- Official movie poster
- Directed by: Luciano B. Carlos
- Screenplay by: Jose Javier Reyes; Luciano B. Carlos;
- Story by: Jose Javier Reyes
- Produced by: Lily Y. Monteverde
- Starring: Tito Sotto; Vic Sotto; Joey de Leon; Maricel Soriano; Sheryl Cruz; Manilyn Reynes; Chuckie Dreyfuss; Kristina Paner;
- Cinematography: Gener Buenaseda
- Edited by: Efren Jarlego
- Music by: Tito Sotto; Homer Flores;
- Production company: Regal Films
- Distributed by: Regal Films
- Release date: September 12, 1985;
- Country: Philippines
- Language: Filipino

= I Have Three Hands =

I Have Three Hands is a 1985 Filipino comedy film directed by Luciano B. Carlos, written by Carlos and Jose Javier Reyes, and starring the comedy trio of Tito Sotto, Vic Sotto, and Joey de Leon, as well as Maricel Soriano, Sheryl Cruz, Manilyn Reynes, Chuckie Dreyfuss, and Kristina Paner.
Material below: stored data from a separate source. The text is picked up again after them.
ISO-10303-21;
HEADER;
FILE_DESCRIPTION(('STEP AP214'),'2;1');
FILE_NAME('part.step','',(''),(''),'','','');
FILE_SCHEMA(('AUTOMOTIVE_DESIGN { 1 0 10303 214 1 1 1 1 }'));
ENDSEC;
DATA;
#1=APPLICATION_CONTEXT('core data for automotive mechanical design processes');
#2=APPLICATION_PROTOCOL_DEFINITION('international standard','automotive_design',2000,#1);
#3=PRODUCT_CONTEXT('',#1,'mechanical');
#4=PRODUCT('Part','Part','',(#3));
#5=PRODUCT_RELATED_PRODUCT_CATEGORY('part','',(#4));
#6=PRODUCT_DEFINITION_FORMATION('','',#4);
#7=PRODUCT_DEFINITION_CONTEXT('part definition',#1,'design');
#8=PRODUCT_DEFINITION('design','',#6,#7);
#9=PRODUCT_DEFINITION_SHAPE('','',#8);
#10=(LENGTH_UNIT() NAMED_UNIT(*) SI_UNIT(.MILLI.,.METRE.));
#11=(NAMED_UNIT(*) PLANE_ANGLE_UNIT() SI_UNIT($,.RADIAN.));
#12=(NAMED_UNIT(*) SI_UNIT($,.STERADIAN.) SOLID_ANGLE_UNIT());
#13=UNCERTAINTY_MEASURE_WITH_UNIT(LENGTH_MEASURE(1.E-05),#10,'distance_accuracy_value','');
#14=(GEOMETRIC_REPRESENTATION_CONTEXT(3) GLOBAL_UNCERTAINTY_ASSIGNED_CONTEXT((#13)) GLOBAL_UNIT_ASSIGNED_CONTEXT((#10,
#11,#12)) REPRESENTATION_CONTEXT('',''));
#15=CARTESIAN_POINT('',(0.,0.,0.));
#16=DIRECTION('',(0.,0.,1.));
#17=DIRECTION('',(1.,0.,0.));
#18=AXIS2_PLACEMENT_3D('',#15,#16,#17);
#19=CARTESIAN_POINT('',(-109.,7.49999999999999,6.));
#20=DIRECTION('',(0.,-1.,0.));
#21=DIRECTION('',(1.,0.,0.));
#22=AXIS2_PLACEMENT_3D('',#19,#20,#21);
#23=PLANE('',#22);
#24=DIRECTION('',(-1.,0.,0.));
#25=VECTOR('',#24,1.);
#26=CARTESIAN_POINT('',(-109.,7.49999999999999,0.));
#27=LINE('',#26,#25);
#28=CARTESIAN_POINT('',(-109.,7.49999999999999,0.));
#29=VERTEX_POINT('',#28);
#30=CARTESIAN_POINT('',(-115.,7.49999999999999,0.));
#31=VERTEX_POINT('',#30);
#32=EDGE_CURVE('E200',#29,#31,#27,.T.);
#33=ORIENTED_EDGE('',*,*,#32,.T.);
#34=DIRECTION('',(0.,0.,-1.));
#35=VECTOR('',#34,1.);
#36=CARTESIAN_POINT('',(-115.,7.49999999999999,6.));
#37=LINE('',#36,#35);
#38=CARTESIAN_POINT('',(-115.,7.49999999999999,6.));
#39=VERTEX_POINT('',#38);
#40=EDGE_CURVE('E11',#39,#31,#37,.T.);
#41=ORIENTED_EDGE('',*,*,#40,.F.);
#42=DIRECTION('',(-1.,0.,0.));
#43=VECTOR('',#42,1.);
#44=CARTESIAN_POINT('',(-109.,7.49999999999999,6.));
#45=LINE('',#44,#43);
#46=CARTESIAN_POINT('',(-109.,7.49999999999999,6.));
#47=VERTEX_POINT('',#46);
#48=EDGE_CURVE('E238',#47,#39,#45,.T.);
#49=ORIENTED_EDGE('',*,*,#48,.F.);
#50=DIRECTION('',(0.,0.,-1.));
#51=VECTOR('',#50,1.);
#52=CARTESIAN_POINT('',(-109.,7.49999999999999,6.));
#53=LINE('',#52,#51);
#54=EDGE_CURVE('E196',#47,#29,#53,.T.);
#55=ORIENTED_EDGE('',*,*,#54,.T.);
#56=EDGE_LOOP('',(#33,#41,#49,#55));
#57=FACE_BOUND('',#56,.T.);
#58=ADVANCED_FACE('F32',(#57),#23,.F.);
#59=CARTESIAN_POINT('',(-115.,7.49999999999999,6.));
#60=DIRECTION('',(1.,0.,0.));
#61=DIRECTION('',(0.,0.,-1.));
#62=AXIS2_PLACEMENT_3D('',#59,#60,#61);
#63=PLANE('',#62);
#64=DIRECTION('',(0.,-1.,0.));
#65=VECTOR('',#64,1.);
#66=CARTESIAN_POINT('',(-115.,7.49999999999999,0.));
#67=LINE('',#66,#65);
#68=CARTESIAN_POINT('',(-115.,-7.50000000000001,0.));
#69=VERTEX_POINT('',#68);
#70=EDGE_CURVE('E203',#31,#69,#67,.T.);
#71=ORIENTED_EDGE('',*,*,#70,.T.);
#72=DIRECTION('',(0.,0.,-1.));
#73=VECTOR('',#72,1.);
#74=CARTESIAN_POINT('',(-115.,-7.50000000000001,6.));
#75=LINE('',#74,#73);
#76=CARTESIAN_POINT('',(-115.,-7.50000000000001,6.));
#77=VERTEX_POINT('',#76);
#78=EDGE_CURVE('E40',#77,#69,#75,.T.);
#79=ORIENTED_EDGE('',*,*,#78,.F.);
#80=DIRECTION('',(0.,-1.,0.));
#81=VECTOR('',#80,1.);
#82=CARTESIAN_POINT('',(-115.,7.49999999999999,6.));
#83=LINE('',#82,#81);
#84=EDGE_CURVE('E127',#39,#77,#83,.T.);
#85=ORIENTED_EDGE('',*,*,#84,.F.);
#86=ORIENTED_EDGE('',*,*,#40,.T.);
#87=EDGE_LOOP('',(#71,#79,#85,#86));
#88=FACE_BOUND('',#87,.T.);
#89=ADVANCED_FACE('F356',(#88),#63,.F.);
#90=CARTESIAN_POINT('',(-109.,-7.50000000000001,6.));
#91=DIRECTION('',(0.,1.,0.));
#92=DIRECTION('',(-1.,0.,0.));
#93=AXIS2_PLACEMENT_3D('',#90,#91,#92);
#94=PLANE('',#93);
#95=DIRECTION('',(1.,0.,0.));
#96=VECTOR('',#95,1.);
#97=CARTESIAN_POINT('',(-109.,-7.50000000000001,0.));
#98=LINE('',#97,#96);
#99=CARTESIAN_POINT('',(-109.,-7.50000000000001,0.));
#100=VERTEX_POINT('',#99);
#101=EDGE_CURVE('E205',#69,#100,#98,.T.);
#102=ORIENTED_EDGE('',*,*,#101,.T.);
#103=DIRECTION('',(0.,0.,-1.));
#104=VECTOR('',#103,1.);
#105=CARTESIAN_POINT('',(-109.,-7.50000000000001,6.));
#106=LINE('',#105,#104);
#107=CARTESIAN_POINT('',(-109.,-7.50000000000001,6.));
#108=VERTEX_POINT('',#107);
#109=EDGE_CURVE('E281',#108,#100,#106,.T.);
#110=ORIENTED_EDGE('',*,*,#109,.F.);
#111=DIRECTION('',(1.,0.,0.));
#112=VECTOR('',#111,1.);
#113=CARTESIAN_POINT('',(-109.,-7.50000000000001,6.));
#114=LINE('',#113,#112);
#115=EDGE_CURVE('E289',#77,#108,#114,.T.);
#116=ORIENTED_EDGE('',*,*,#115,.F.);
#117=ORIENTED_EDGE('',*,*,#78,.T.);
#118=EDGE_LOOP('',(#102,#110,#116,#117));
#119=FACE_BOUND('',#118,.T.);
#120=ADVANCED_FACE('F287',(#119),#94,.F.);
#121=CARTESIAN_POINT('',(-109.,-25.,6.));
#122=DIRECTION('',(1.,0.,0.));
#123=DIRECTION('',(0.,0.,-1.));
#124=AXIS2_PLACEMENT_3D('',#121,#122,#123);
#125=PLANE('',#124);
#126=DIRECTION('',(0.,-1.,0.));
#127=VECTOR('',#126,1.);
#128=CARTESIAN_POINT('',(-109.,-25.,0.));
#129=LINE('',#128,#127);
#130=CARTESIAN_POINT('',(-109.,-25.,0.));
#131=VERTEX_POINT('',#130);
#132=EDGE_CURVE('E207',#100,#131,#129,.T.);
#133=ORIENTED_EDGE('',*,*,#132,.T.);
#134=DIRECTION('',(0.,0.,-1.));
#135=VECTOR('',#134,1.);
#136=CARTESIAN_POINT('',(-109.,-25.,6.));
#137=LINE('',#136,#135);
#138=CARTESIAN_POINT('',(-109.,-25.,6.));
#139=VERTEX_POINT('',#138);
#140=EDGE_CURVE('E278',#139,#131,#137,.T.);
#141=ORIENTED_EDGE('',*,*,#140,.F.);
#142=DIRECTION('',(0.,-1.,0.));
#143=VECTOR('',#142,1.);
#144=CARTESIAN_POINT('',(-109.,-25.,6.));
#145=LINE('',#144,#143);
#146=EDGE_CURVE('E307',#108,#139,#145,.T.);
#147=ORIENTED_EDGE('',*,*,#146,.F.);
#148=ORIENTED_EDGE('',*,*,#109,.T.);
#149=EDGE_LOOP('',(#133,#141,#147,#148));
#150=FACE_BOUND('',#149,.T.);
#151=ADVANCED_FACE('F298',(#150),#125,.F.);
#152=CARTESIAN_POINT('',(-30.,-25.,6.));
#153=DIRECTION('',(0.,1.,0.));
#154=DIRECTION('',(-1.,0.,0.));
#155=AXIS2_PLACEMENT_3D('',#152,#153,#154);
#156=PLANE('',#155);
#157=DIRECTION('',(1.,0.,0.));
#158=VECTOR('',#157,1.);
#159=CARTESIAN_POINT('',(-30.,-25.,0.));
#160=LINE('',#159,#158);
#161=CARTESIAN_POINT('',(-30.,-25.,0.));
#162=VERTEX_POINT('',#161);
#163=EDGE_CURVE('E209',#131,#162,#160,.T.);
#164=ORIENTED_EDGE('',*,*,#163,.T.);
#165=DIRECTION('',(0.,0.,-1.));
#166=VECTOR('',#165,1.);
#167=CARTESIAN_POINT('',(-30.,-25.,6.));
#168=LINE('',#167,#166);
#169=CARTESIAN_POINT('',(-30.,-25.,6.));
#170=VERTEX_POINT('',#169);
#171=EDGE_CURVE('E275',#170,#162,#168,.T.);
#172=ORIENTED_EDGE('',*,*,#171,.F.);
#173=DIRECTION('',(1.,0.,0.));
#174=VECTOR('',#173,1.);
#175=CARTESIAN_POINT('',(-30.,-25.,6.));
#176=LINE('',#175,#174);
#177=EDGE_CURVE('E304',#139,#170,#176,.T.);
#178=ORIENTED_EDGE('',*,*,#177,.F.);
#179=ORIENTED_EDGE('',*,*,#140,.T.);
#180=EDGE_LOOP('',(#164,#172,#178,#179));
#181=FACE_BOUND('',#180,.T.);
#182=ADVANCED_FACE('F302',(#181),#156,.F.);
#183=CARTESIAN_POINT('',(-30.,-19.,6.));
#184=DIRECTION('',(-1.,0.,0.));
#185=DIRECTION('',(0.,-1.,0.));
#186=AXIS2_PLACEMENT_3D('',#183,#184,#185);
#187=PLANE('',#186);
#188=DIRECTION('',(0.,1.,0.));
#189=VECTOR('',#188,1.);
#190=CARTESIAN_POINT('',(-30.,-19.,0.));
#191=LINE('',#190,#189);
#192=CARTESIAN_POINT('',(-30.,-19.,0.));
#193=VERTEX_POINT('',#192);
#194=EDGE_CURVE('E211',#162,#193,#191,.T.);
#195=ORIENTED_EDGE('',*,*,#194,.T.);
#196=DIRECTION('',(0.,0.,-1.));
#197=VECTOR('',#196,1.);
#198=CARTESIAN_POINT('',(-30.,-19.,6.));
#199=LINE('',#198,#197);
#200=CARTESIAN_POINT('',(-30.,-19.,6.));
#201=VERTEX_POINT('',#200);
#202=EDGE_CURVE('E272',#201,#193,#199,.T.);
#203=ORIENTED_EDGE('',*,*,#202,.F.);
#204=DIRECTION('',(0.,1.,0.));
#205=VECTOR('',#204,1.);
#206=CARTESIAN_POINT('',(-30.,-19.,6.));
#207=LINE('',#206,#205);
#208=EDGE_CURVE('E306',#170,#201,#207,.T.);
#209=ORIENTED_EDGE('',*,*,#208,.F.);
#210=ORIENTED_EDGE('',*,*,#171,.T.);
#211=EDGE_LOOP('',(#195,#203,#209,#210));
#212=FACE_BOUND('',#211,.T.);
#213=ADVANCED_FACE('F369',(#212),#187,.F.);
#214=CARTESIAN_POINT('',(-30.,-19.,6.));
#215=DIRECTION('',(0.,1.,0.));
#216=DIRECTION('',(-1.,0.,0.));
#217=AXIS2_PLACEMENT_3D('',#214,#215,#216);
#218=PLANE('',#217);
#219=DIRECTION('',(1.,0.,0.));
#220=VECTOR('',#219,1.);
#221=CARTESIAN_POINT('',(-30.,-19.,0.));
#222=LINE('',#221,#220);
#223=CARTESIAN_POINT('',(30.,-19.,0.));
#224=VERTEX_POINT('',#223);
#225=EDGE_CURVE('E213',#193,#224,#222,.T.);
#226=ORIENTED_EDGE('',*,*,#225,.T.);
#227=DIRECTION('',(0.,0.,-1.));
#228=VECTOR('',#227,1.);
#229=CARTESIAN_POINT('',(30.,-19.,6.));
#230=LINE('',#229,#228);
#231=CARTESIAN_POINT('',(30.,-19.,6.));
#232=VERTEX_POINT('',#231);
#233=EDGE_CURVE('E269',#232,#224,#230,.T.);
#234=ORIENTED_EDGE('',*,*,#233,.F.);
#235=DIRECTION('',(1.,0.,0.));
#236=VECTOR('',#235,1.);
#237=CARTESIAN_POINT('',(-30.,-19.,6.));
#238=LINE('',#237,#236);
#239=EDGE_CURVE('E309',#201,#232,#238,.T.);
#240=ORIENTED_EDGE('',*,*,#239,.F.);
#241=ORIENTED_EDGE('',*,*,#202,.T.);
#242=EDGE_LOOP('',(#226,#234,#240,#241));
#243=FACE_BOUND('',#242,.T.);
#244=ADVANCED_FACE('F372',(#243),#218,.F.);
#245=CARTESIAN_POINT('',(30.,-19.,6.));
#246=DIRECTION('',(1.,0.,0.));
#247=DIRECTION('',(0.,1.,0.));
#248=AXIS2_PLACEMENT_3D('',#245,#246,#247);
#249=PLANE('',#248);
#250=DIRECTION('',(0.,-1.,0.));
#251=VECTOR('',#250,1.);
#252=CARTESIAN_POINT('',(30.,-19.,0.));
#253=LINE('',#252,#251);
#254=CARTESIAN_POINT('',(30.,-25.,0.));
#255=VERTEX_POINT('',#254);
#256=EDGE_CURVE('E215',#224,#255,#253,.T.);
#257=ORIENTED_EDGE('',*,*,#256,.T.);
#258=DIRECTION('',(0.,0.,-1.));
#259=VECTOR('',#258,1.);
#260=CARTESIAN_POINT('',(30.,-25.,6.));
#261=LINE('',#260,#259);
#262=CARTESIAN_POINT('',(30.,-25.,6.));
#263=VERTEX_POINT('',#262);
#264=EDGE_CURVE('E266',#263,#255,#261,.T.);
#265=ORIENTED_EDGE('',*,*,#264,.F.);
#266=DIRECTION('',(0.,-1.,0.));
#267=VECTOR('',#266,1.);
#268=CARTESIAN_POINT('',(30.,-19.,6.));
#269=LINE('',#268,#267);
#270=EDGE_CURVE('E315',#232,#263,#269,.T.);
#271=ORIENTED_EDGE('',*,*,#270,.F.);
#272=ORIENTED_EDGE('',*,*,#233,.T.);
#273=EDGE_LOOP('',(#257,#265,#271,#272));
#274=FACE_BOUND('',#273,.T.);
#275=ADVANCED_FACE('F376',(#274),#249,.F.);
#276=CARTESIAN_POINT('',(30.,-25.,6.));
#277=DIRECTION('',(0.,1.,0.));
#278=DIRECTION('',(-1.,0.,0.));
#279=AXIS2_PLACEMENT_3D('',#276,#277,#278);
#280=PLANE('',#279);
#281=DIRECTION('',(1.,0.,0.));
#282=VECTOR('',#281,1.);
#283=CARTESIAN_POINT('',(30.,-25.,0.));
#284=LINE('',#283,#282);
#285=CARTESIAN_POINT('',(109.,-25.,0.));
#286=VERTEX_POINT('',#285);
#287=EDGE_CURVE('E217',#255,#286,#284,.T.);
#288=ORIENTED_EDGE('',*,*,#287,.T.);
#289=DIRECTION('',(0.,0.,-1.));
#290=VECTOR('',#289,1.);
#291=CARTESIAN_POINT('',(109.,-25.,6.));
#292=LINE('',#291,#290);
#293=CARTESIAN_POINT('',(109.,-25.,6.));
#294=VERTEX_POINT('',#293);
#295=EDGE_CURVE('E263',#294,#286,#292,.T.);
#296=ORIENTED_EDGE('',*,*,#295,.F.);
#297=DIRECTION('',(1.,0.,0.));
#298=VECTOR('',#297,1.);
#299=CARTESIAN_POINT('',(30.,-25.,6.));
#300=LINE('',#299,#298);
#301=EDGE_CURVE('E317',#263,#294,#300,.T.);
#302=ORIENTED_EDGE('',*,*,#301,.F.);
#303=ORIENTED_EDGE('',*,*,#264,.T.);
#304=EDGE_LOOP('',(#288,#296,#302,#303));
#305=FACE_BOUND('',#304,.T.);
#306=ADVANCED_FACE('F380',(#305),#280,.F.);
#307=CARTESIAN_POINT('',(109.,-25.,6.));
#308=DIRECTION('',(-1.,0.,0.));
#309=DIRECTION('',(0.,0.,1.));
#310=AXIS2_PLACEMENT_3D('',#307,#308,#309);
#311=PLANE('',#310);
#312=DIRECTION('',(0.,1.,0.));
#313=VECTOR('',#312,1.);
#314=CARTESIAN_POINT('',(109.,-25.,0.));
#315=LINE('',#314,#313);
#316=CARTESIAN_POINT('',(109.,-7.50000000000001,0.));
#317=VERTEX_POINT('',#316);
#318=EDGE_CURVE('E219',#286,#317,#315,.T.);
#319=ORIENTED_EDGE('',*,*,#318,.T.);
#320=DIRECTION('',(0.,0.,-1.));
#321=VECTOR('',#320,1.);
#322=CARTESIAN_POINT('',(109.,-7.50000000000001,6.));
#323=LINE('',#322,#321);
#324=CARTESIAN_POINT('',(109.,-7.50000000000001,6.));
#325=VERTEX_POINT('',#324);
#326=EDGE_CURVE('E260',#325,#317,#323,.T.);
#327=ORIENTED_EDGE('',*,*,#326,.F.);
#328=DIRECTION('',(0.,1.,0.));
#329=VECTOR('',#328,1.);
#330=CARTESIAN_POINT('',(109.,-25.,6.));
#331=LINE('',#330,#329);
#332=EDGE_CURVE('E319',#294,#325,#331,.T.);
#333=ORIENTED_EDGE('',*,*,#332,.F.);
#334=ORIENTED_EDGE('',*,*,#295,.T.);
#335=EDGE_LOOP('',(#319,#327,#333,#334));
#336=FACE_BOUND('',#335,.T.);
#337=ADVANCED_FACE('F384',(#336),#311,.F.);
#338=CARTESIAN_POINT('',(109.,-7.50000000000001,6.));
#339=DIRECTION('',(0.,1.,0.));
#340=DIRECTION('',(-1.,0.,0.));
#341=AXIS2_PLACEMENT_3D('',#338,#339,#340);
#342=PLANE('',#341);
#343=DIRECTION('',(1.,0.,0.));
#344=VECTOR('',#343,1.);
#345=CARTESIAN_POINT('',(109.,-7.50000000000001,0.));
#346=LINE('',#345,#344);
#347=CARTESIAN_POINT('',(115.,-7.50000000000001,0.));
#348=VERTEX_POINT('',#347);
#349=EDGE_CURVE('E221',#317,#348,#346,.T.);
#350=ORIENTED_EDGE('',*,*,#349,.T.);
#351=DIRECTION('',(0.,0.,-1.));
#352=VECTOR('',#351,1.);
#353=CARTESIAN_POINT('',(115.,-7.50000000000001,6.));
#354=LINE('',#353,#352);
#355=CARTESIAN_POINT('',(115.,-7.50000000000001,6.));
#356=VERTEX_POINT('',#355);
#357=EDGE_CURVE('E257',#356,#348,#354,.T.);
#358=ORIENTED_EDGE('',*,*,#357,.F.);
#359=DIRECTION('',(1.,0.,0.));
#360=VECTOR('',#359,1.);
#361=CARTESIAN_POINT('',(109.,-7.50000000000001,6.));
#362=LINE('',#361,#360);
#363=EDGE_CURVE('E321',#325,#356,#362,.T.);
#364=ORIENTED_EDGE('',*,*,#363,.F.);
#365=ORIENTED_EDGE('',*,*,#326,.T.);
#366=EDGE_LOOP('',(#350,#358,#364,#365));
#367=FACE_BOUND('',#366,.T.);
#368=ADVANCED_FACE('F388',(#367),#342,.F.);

The film's title is a play on the nursery rhyme "I Have Two Hands".

==Plot==
Bitoy, Atoy and Caloy (Tito, Vic and Joey respectively) are 3 hapless brothers who got employed by a rich couple to take care of their children who turned out to be spoiled brats who have successfully driven out all their nannies from their house through their improvised booby traps. But the brothers stuck through with the children until the end. In the midst of all the mess comes Bridget (Maricel Soriano) who is their next-door neighbor's maid. She becomes the Agatep brothers' object of affection, but unknown to them she also brings trouble.

==Cast==
- Main cast
- Tito Sotto as Jovito "Bitoy" Agatep
- Vic Sotto as Fortunato "Atoy" Agatep
- Joey de Leon as Carlos "Caloy" Agatep
- Maricel Soriano as Bridget

- Supporting cast
- Sheryl Cruz
- Manilyn Reynes
- Chuckie Dreyfuss
- Kristina Paner
- Debraliz
- Dely Atay-Atayan
- Subas Herrero as Don Severino
- Amado Pineda
- Tani Cinco
- Evelyn Vargas
- Flora Gasser
- Anna Feliciano
- Rey Solo
- Aurora Yumul
- Jay Imperial
- Perry de Guzman
- Alex Toledo
- Arnel Bilaro
- Jimmy Tongco
- George Gyness

===Music===
Tito Sotto and Homer Flores composed the musical score of I Have Three Hands. An instrumental version of "We Are the World" is played throughout the film, and by the end, a parody song titled "Maid in the Philippines" is performed by the characters in a similar way to the USA for Africa music video.

==Home media==
I Have Three Hands was released on DVD by Regal Capital in 2009 paired with another film also starring the comedy trio, Shoot That Ball.

The entire film was made available on YouTube for streaming without charge by Regal Entertainment on September 4, 2019.